– И последний вопрос, – сказал я, предчувствуя, что этот вопрос – далеко не последний.
Мы втроем стояли подле оранжевого «Фиата Пунто», под начавшимся мелким дождичком влажного Рождества.
– Вы, Екатерина Сергеевна, упоминали, что фигура, стрелявшая в вас, перед выстрелом проговорила что-то вроде: «Это тебе за Настю!» Это имело какой-то смысл?
Калашникова отвела глаза и тихо, но твердо произнесла:
– Да.
Глава 2
Смерть под рождество
Катюша с Андреем прибыли первыми.
Особняк Вальки Лессинг, в девичестве Крюковой, помещался по Алтуфьевскому шоссе всего в семи километрах от Кольцевой автодороги. Правда, последние двести пятьдесят метров пути приходились на зимник. Катюшин «фиатик», сконструированный для езды по разным там виа де Венеттам, дважды зарывался носом в снега. Андрею приходилось вылезать из машины и подталкивать ее в толстенькую попку. Катюша в это время газовала. Визжали покрышки, стонало сцепление… Пальто профессора все уделали снежными брызгами… Наконец, когда смеркалось, подкатили к особняку.

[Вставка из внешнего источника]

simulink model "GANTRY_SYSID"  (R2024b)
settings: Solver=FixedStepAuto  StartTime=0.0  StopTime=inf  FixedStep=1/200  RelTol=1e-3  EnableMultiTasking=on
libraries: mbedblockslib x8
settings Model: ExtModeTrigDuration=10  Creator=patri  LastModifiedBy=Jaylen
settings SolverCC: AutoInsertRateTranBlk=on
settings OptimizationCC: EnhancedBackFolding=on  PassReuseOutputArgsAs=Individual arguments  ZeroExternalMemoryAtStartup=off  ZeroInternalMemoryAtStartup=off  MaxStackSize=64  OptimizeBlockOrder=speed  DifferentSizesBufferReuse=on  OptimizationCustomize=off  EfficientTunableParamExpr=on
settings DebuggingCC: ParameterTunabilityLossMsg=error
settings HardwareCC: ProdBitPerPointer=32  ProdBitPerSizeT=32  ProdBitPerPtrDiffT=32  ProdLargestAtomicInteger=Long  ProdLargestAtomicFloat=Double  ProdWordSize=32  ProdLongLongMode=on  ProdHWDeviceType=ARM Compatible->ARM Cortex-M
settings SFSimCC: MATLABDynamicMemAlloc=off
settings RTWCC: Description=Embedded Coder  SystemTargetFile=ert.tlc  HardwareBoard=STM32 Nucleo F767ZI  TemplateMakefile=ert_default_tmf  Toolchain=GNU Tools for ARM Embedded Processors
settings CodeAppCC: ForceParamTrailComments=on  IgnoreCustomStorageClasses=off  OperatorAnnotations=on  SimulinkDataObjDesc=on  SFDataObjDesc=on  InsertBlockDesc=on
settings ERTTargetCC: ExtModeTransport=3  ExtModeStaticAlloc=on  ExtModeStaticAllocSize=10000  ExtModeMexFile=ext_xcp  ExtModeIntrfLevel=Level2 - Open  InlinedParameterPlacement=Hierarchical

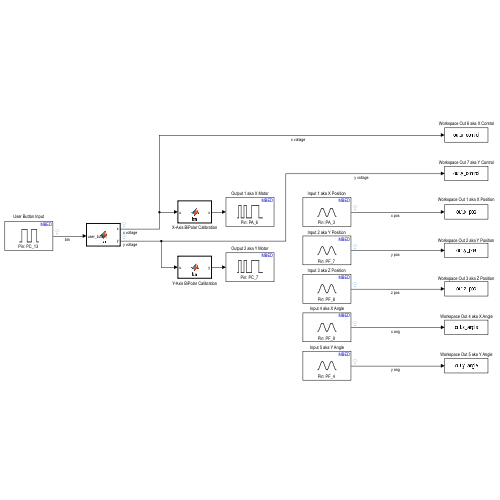
[thumbnail: Simulink's stored preview of the top-level diagram]
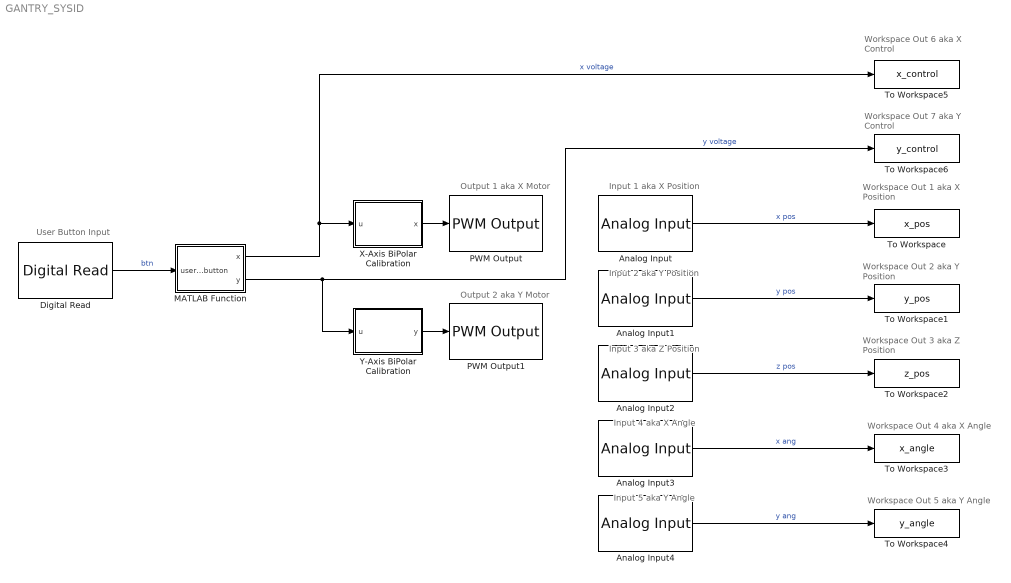
== system GANTRY_SYSID ==
  note: Input 1 aka X Position
  note: User Button Input
  note: Input 2 aka Y Position
  note: Input 3 aka Z Position
  note: Workspace Out 1 aka X Position
  note: Input 5 aka Y Angle
  note: Input 4 aka X Angle
  note: Workspace Out 6 aka X Control
  note: Workspace Out 7 aka Y Control
  note: Workspace Out 5 aka Y Angle
  note: Workspace Out 3 aka Z Position
  note: Workspace Out 4 aka X Angle
  note: Workspace Out 2 aka Y Position
  note: Output 1 aka X Motor
  note: Output 2 aka Y Motor
  Analog Input : mbedblockslib/Analog Input  Pin=PA_3  ReadResultsOnly=off  ConversionTriggerSource=Software  ExternalTriggerType=uint32( 0 )  OutputDataType=double  EnableConversionCompleteNotify=off  EnableOuputStatus=off  SampleTime=-1
      settings: LibrarySourceBlock=stmnucleorootlib/Common/Analog Input
  Analog Input1 : mbedblockslib/Analog Input  Pin=PF_7  ReadResultsOnly=off  ConversionTriggerSource=Software  ExternalTriggerType=uint32( 0 )  OutputDataType=double  EnableConversionCompleteNotify=off  EnableOuputStatus=off  SampleTime=-1
      settings: LibrarySourceBlock=stmnucleorootlib/Common/Analog Input
  Analog Input2 : mbedblockslib/Analog Input  Pin=PF_8  ReadResultsOnly=off  ConversionTriggerSource=Software  ExternalTriggerType=uint32( 0 )  OutputDataType=double  EnableConversionCompleteNotify=off  EnableOuputStatus=off  SampleTime=-1
      settings: LibrarySourceBlock=stmnucleorootlib/Common/Analog Input
  Analog Input3 : mbedblockslib/Analog Input  Pin=PF_9  ReadResultsOnly=off  ConversionTriggerSource=Software  ExternalTriggerType=uint32( 0 )  OutputDataType=double  EnableConversionCompleteNotify=off  EnableOuputStatus=off  SampleTime=-1
      settings: LibrarySourceBlock=stmnucleorootlib/Common/Analog Input
  Analog Input4 : mbedblockslib/Analog Input  Pin=PF_4  ReadResultsOnly=off  ConversionTriggerSource=Software  ExternalTriggerType=uint32( 0 )  OutputDataType=double  EnableConversionCompleteNotify=off  EnableOuputStatus=off  SampleTime=-1
      settings: LibrarySourceBlock=stmnucleorootlib/Common/Analog Input
  Digital Read : mbedblockslib/Digital Read  Pin=PC_13  Direction=input  SampleTime=-1
      settings: LibrarySourceBlock=stmnucleorootlib/Common/Digital Read
  MATLAB Function : MATLAB Function  TreatAsAtomicUnit=on
  PWM Output : mbedblockslib/PWM Output  Pin=PA_6  EnableInputFrequency=off  InitialFrequency=10000  InitialDutyCycle=57.6  NotificationType=None
      settings: LibrarySourceBlock=stmnucleorootlib/Common/PWM Output
  PWM Output1 : mbedblockslib/PWM Output  Pin=PC_7  EnableInputFrequency=off  InitialFrequency=10000  InitialDutyCycle=57.6  NotificationType=None
      settings: LibrarySourceBlock=stmnucleorootlib/Common/PWM Output
  To Workspace : ToWorkspace  VariableName=x_pos  SaveFormat=Timeseries  SampleTime=-1
  To Workspace1 : ToWorkspace  VariableName=y_pos  SaveFormat=Timeseries  SampleTime=-1
  To Workspace2 : ToWorkspace  VariableName=z_pos  SaveFormat=Timeseries  SampleTime=-1
  To Workspace3 : ToWorkspace  VariableName=x_angle  SaveFormat=Timeseries  SampleTime=-1
  To Workspace4 : ToWorkspace  VariableName=y_angle  SaveFormat=Timeseries  SampleTime=-1
  To Workspace5 : ToWorkspace  VariableName=x_control  SaveFormat=Timeseries  SampleTime=-1
  To Workspace6 : ToWorkspace  VariableName=y_control  SaveFormat=Timeseries  SampleTime=-1
  X-Axis BiPolar Calibration : MATLAB Function  TreatAsAtomicUnit=on
  Y-Axis BiPolar Calibration : MATLAB Function  TreatAsAtomicUnit=on
  wires:
  Analog Input4/1 -> To Workspace4/1  "y ang"
  Analog Input2/1 -> To Workspace2/1  "z pos"
  Digital Read/1 -> MATLAB Function/1(user_button)  "btn"
  Analog Input/1 -> To Workspace/1  "x pos"
  Analog Input1/1 -> To Workspace1/1  "y pos"
  Analog Input3/1 -> To Workspace3/1  "x ang"
  X-Axis BiPolar Calibration/1(x) -> PWM Output/1
  Y-Axis BiPolar Calibration/1(y) -> PWM Output1/1
  MATLAB Function/1(x) -> To Workspace5/1, X-Axis BiPolar Calibration/1(u)  "x voltage"
  MATLAB Function/2(y) -> Y-Axis BiPolar Calibration/1(u), To Workspace6/1  "y voltage"

== matlab function GANTRY_SYSID/MATLAB Function ==
  data: x output; user_button input; y output
function [x, y] = fcn(user_button)
    % This function generates values for x and y based on the user input.
    % The output x and y depend on a sequence determined by the state variable m and user_button.
    
    % Declare persistent variables that maintain their values between function calls.
    persistent i m button_pressed
    
    % Initialize persistent variables if they are empty.
    if isempty(m)
        m = 0; % m tracks the sequence stage.
        i = 0; % i is used as a time counter.
        button_pressed = 0; % Indicates whether the button was pressed.
    end

    % Sampling frequency (200 Hz)
    Fs = 200;

    % Check if the user has pressed the button (user_button == 1).
    if user_button == 1
        button_pressed = 1; % Set the button pressed flag to 1.
    end

    % Initialize x and y to 0.
    x = 0;
    y = 0;

    % Proceed only if the button has been pressed.
    if button_pressed == 1
        % Sequence control based on the value of m.
        if m == 0
            % Stage 0: x goes from 0 to 10.
            if i < 1 * Fs
                x = 0; % Keep x at 0 for the first second.
            elseif i < 8 * Fs
                x = 10; % Set x to 10 for the next 7 seconds.
            else
                x = 0; % Reset x to 0.
                m = 1; % Move to the next stage.
                i = 0; % Reset the counter.
                button_pressed = 0; % Reset button pressed status.
            end
        elseif m == 1
            % Stage 1: x goes from 0 to -10.
            if i < 1 * Fs
                x = 0; % Keep x at 0 for the first second.
            elseif i < 8 * Fs
                x = -10; % Set x to -10 for the next 7 seconds.
            else
                x = 0; % Reset x to 0.
                m = 2; % Move to the next stage.
                i = 0; % Reset the counter.
                button_pressed = 0; % Reset button pressed status.
            end
        elseif m == 2
            % Stage 2: y goes from 0 to 10.
            if i < 1 * Fs
                y = 0; % Keep y at 0 for the first second.
            elseif i < 8 * Fs
                y = 10; % Set y to 10 for the next 7 seconds.
            else
                y = 0; % Reset y to 0.
                m = 3; % Move to the next stage.
                i = 0; % Reset the counter.
                button_pressed = 0; % Reset button pressed status.
            end
        elseif m == 3
            % Stage 3: y goes from 0 to -10.
            if i < 1 * Fs
                y = 0; % Keep y at 0 for the first second.
            elseif i < 8 * Fs
                y = -10; % Set y to -10 for the next 7 seconds.
            else
                y = 0; % Reset y to 0.
                m = 4; % Move to the next stage.
                i = 0; % Reset the counter.
                button_pressed = 0; % Reset button pressed status.
            end
        else
            % If m is not 0, 1, 2, or 3, do nothing.
            x = 0;
            y = 0;
        end

        % Increment the counter at each function call.
        i = i + 1;
    end
end

== matlab function GANTRY_SYSID/Y-Axis BiPolar Calibration ==
  data: u input; y output
function y = fcn(u)

% Calibration data for y axis output y = p1*u + p2
y = 3.41*u + 59.49;

== matlab function GANTRY_SYSID/X-Axis BiPolar Calibration ==
  data: u input; x output
function x = fcn(u)

% Calibration data for x axis output x = p1*u + p2
x = 2.758*u + 63.834;

Ворота были не заперты. Валентина Лессинг-Крюкова отличалась удивительной беспечностью. Андрей вышел из «Фиата», распахнул створки ворот. Катюша въехала во двор и впоролась в снег уже окончательно. Мотор заглох; Катя махнула рукой: «А, ладно, завтра мужики всем миром вытащат».
Катюша посигналила – и только тогда на крыльце появилась Валентина.
Валюха была в полнейшем растрепе. Нечесаные волосы, провисшие на коленках треники, немыслимая куртка, валенки. Трудно было поверить, что это – супруга преуспевающего германского бизнесмена, а в ее гардеробе имеются как минимум три шубы и не менее пяти пар изящнейших сапожек. Не считая, конечно, вечерних туалетов и несметного количества нитей жемчуга, золотых и платиновых колец, серег, браслетов и брошей, украшенных бриллиантами, топазами и изумрудами.
Однако когда Ганс-Дитрих пребывал (как нынче) в отъезде, Валентина Лессинг-Крюкова ходила в доме и на участке совершенной распустехой. И даже визит гостей не стимулировал ее причесаться, приодеться и сделать маникюр. Точнее, если бы в гости пожаловали чужие – к примеру, деловые партнеры герра Лессинга, – Валя предстала бы перед ними во всей красе: в вечернем туалете, блистая очами и драгоценностями. Но Катюша вместе с Андреем были занесены Валентиной в категорию свои – а раз так, что толку беспокоиться!..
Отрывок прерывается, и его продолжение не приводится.